— What is needed —
Quote the records exactly, starting at the first line and stopping after the line with "layer by layer"; skip the pictures.

— Entries shown —
»»

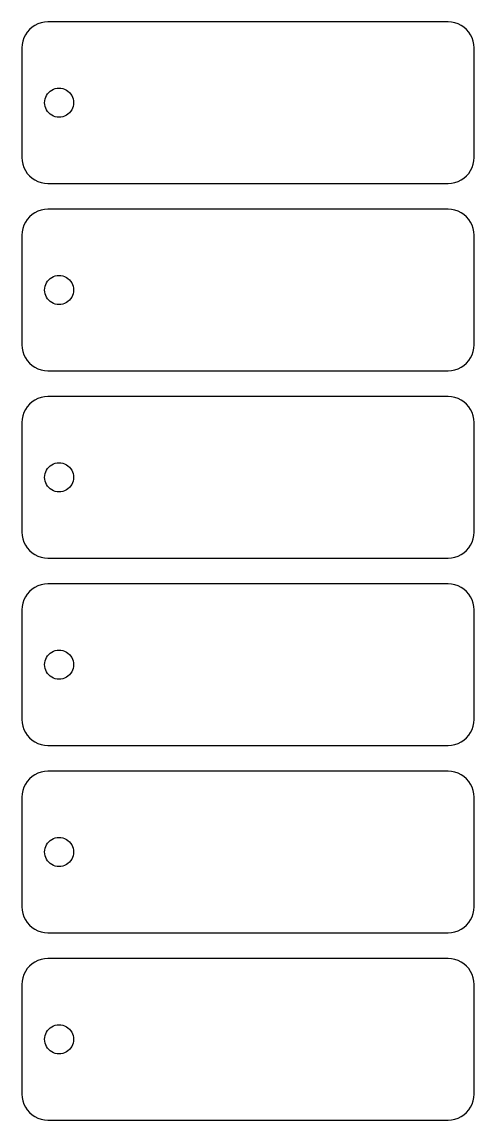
# Model space of a CAD drawing. Header units: metres. Extents: x 5 to 223, y 25 to 195.
# Drawn here: x 5 to 75, y 25 to 195 of the extents above; entities that cross this region are included whole.
import ezdxf

# ---------------------------------------------------------------- set-up
doc = ezdxf.new("R2010")
doc.units = ezdxf.units.M

msp = doc.modelspace()

# ---------------------------------------------------------------- linework, layer by layer
for p, q in [((6.17157, 193.828), (5.82658, 193.435)), ((6.56496, 194.173), (6.17157, 193.828)), ((7, 194.464), (6.56496, 194.173)), ((7.46927, 194.696), (7, 194.464)), ((7.96472, 194.864), (7.46927, 194.696)), ((8.47789, 194.966), (7.96472, 194.864)), ((9, 195), (8.47789, 194.966)), ((71, 195), (9, 195)), ((71.5221, 194.966), (71, 195)), ((72.0353, 194.864), (71.5221, 194.966)), ((72.5307, 194.696), (72.0353, 194.864)), ((73, 194.464), (72.5307, 194.696)), ((73.435, 194.173), (73, 194.464)), ((73.8284, 193.828), (73.435, 194.173)), ((74.1734, 193.435), (73.8284, 193.828)), ((5.30449, 192.531), (5.13629, 192.035)), ((5.5359, 193), (5.30449, 192.531)), ((5.82658, 193.435), (5.5359, 193)), ((74.4641, 193), (74.1734, 193.435)), ((74.6955, 192.531), (74.4641, 193)), ((74.8637, 192.035), (74.6955, 192.531)), ((5.03423, 191.522), (5, 191)), ((5, 191), (5, 174)), ((5.13629, 192.035), (5.03423, 191.522)), ((74.9658, 191.522), (74.8637, 192.035)), ((75, 191), (74.9658, 191.522)), ((75, 174), (75, 191)), ((8.67126, 183.361), (8.80144, 183.625)), ((8.80144, 183.625), (8.96495, 183.87)), ((8.96495, 183.87), (9.159, 184.091)), ((9.159, 184.091), (9.38028, 184.285)), ((9.38028, 184.285), (9.625, 184.449)), ((9.625, 184.449), (9.88896, 184.579)), ((9.88896, 184.579), (10.1676, 184.673)), ((10.1676, 184.673), (10.4563, 184.731)), ((10.4563, 184.731), (10.75, 184.75)), ((10.75, 184.75), (11.0437, 184.731)), ((11.0437, 184.731), (11.3323, 184.673)), ((11.3323, 184.673), (11.611, 184.579)), ((11.611, 184.579), (11.875, 184.449)), ((11.875, 184.449), (12.1197, 184.285)), ((12.1197, 184.285), (12.341, 184.091)), ((12.341, 184.091), (12.535, 183.87)), ((12.535, 183.87), (12.6985, 183.625)), ((12.6985, 183.625), (12.8287, 183.361)), ((8.5, 182.5), (8.51924, 182.794)), ((8.51924, 182.206), (8.5, 182.5)), ((8.51924, 182.794), (8.57666, 183.082)), ((8.57666, 181.918), (8.51924, 182.206)), ((8.57666, 183.082), (8.67126, 183.361)), ((8.67126, 181.639), (8.57666, 181.918)), ((12.8287, 183.361), (12.9233, 183.082)), ((12.9233, 181.918), (12.8287, 181.639)), ((12.9233, 183.082), (12.9807, 182.794)), ((12.9807, 182.206), (12.9233, 181.918)), ((12.9807, 182.794), (13, 182.5)), ((13, 182.5), (12.9807, 182.206)), ((8.80144, 181.375), (8.67126, 181.639)), ((8.96495, 181.13), (8.80144, 181.375)), ((9.159, 180.909), (8.96495, 181.13)), ((9.38028, 180.715), (9.159, 180.909)), ((9.625, 180.551), (9.38028, 180.715)), ((9.88896, 180.421), (9.625, 180.551)), ((10.1676, 180.327), (9.88896, 180.421)), ((10.4563, 180.269), (10.1676, 180.327)), ((10.75, 180.25), (10.4563, 180.269)), ((11.0437, 180.269), (10.75, 180.25)), ((11.3323, 180.327), (11.0437, 180.269)), ((11.611, 180.421), (11.3323, 180.327)), ((11.875, 180.551), (11.611, 180.421)), ((12.1197, 180.715), (11.875, 180.551)), ((12.341, 180.909), (12.1197, 180.715)), ((12.535, 181.13), (12.341, 180.909)), ((12.6985, 181.375), (12.535, 181.13)), ((12.8287, 181.639), (12.6985, 181.375)), ((5, 174), (5.03423, 173.478)), ((5.03423, 173.478), (5.13629, 172.965)), ((74.8637, 172.965), (74.9658, 173.478)), ((74.9658, 173.478), (75, 174)), ((5.13629, 172.965), (5.30449, 172.469)), ((5.30449, 172.469), (5.5359, 172)), ((5.5359, 172), (5.82658, 171.565)), ((74.1734, 171.565), (74.4641, 172)), ((74.4641, 172), (74.6955, 172.469)), ((74.6955, 172.469), (74.8637, 172.965)), ((5.82658, 171.565), (6.17157, 171.172)), ((6.17157, 171.172), (6.56496, 170.827)), ((6.56496, 170.827), (7, 170.536)), ((7, 170.536), (7.46927, 170.304)), ((7.46927, 170.304), (7.96472, 170.136)), ((7.96472, 170.136), (8.47789, 170.034)), ((8.47789, 170.034), (9, 170)), ((9, 170), (71, 170)), ((71, 170), (71.5221, 170.034)), ((71.5221, 170.034), (72.0353, 170.136)), ((72.0353, 170.136), (72.5307, 170.304)), ((72.5307, 170.304), (73, 170.536)), ((73, 170.536), (73.435, 170.827)), ((73.435, 170.827), (73.8284, 171.172)), ((73.8284, 171.172), (74.1734, 171.565)), ((6.56496, 165.173), (6.17157, 164.828)), ((7, 165.464), (6.56496, 165.173)), ((7.46927, 165.696), (7, 165.464)), ((7.96472, 165.864), (7.46927, 165.696)), ((8.47789, 165.966), (7.96472, 165.864)), ((9, 166), (8.47789, 165.966)), ((71, 166), (9, 166)), ((71.5221, 165.966), (71, 166)), ((72.0353, 165.864), (71.5221, 165.966)), ((72.5307, 165.696), (72.0353, 165.864)), ((73, 165.464), (72.5307, 165.696)), ((73.435, 165.173), (73, 165.464)), ((73.8284, 164.828), (73.435, 165.173)), ((5.30449, 163.531), (5.13629, 163.035)), ((5.5359, 164), (5.30449, 163.531)), ((5.82658, 164.435), (5.5359, 164)), ((6.17157, 164.828), (5.82658, 164.435)), ((74.1734, 164.435), (73.8284, 164.828)), ((74.4641, 164), (74.1734, 164.435)), ((74.6955, 163.531), (74.4641, 164)), ((74.8637, 163.035), (74.6955, 163.531)), ((5.03423, 162.522), (5, 162)), ((5, 162), (5, 145)), ((5.13629, 163.035), (5.03423, 162.522)), ((74.9658, 162.522), (74.8637, 163.035)), ((75, 162), (74.9658, 162.522)), ((75, 145), (75, 162)), ((8.80144, 154.625), (8.96495, 154.87)), ((8.96495, 154.87), (9.159, 155.091)), ((9.159, 155.091), (9.38028, 155.285)), ((9.38028, 155.285), (9.625, 155.449)), ((9.625, 155.449), (9.88896, 155.579)), ((9.88896, 155.579), (10.1676, 155.673)), ((10.1676, 155.673), (10.4563, 155.731)), ((10.4563, 155.731), (10.75, 155.75)), ((10.75, 155.75), (11.0437, 155.731)), ((11.0437, 155.731), (11.3323, 155.673)), ((11.3323, 155.673), (11.611, 155.579)), ((11.611, 155.579), (11.875, 155.449)), ((11.875, 155.449), (12.1197, 155.285)), ((12.1197, 155.285), (12.341, 155.091)), ((12.341, 155.091), (12.535, 154.87)), ((12.535, 154.87), (12.6985, 154.625)), ((8.5, 153.5), (8.51924, 153.794)), ((8.51924, 153.206), (8.5, 153.5)), ((8.51924, 153.794), (8.57666, 154.082)), ((8.57666, 152.918), (8.51924, 153.206)), ((8.57666, 154.082), (8.67126, 154.361)), ((8.67126, 154.361), (8.80144, 154.625)), ((12.6985, 154.625), (12.8287, 154.361)), ((12.8287, 154.361), (12.9233, 154.082)), ((12.9233, 154.082), (12.9807, 153.794)), ((12.9807, 153.206), (12.9233, 152.918)), ((12.9807, 153.794), (13, 153.5)), ((13, 153.5), (12.9807, 153.206)), ((8.67126, 152.639), (8.57666, 152.918)), ((8.80144, 152.375), (8.67126, 152.639)), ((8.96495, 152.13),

««

— Answer to the problem —
# Model space of a CAD drawing. Header units: metres. Extents: x 5 to 223, y 25 to 195.
# Drawn here: x 5 to 75, y 25 to 195 of the extents above; entities that cross this region are included whole.
import ezdxf

# ---------------------------------------------------------------- set-up
doc = ezdxf.new("R2010")
doc.units = ezdxf.units.M

msp = doc.modelspace()

# ---------------------------------------------------------------- linework, layer by layer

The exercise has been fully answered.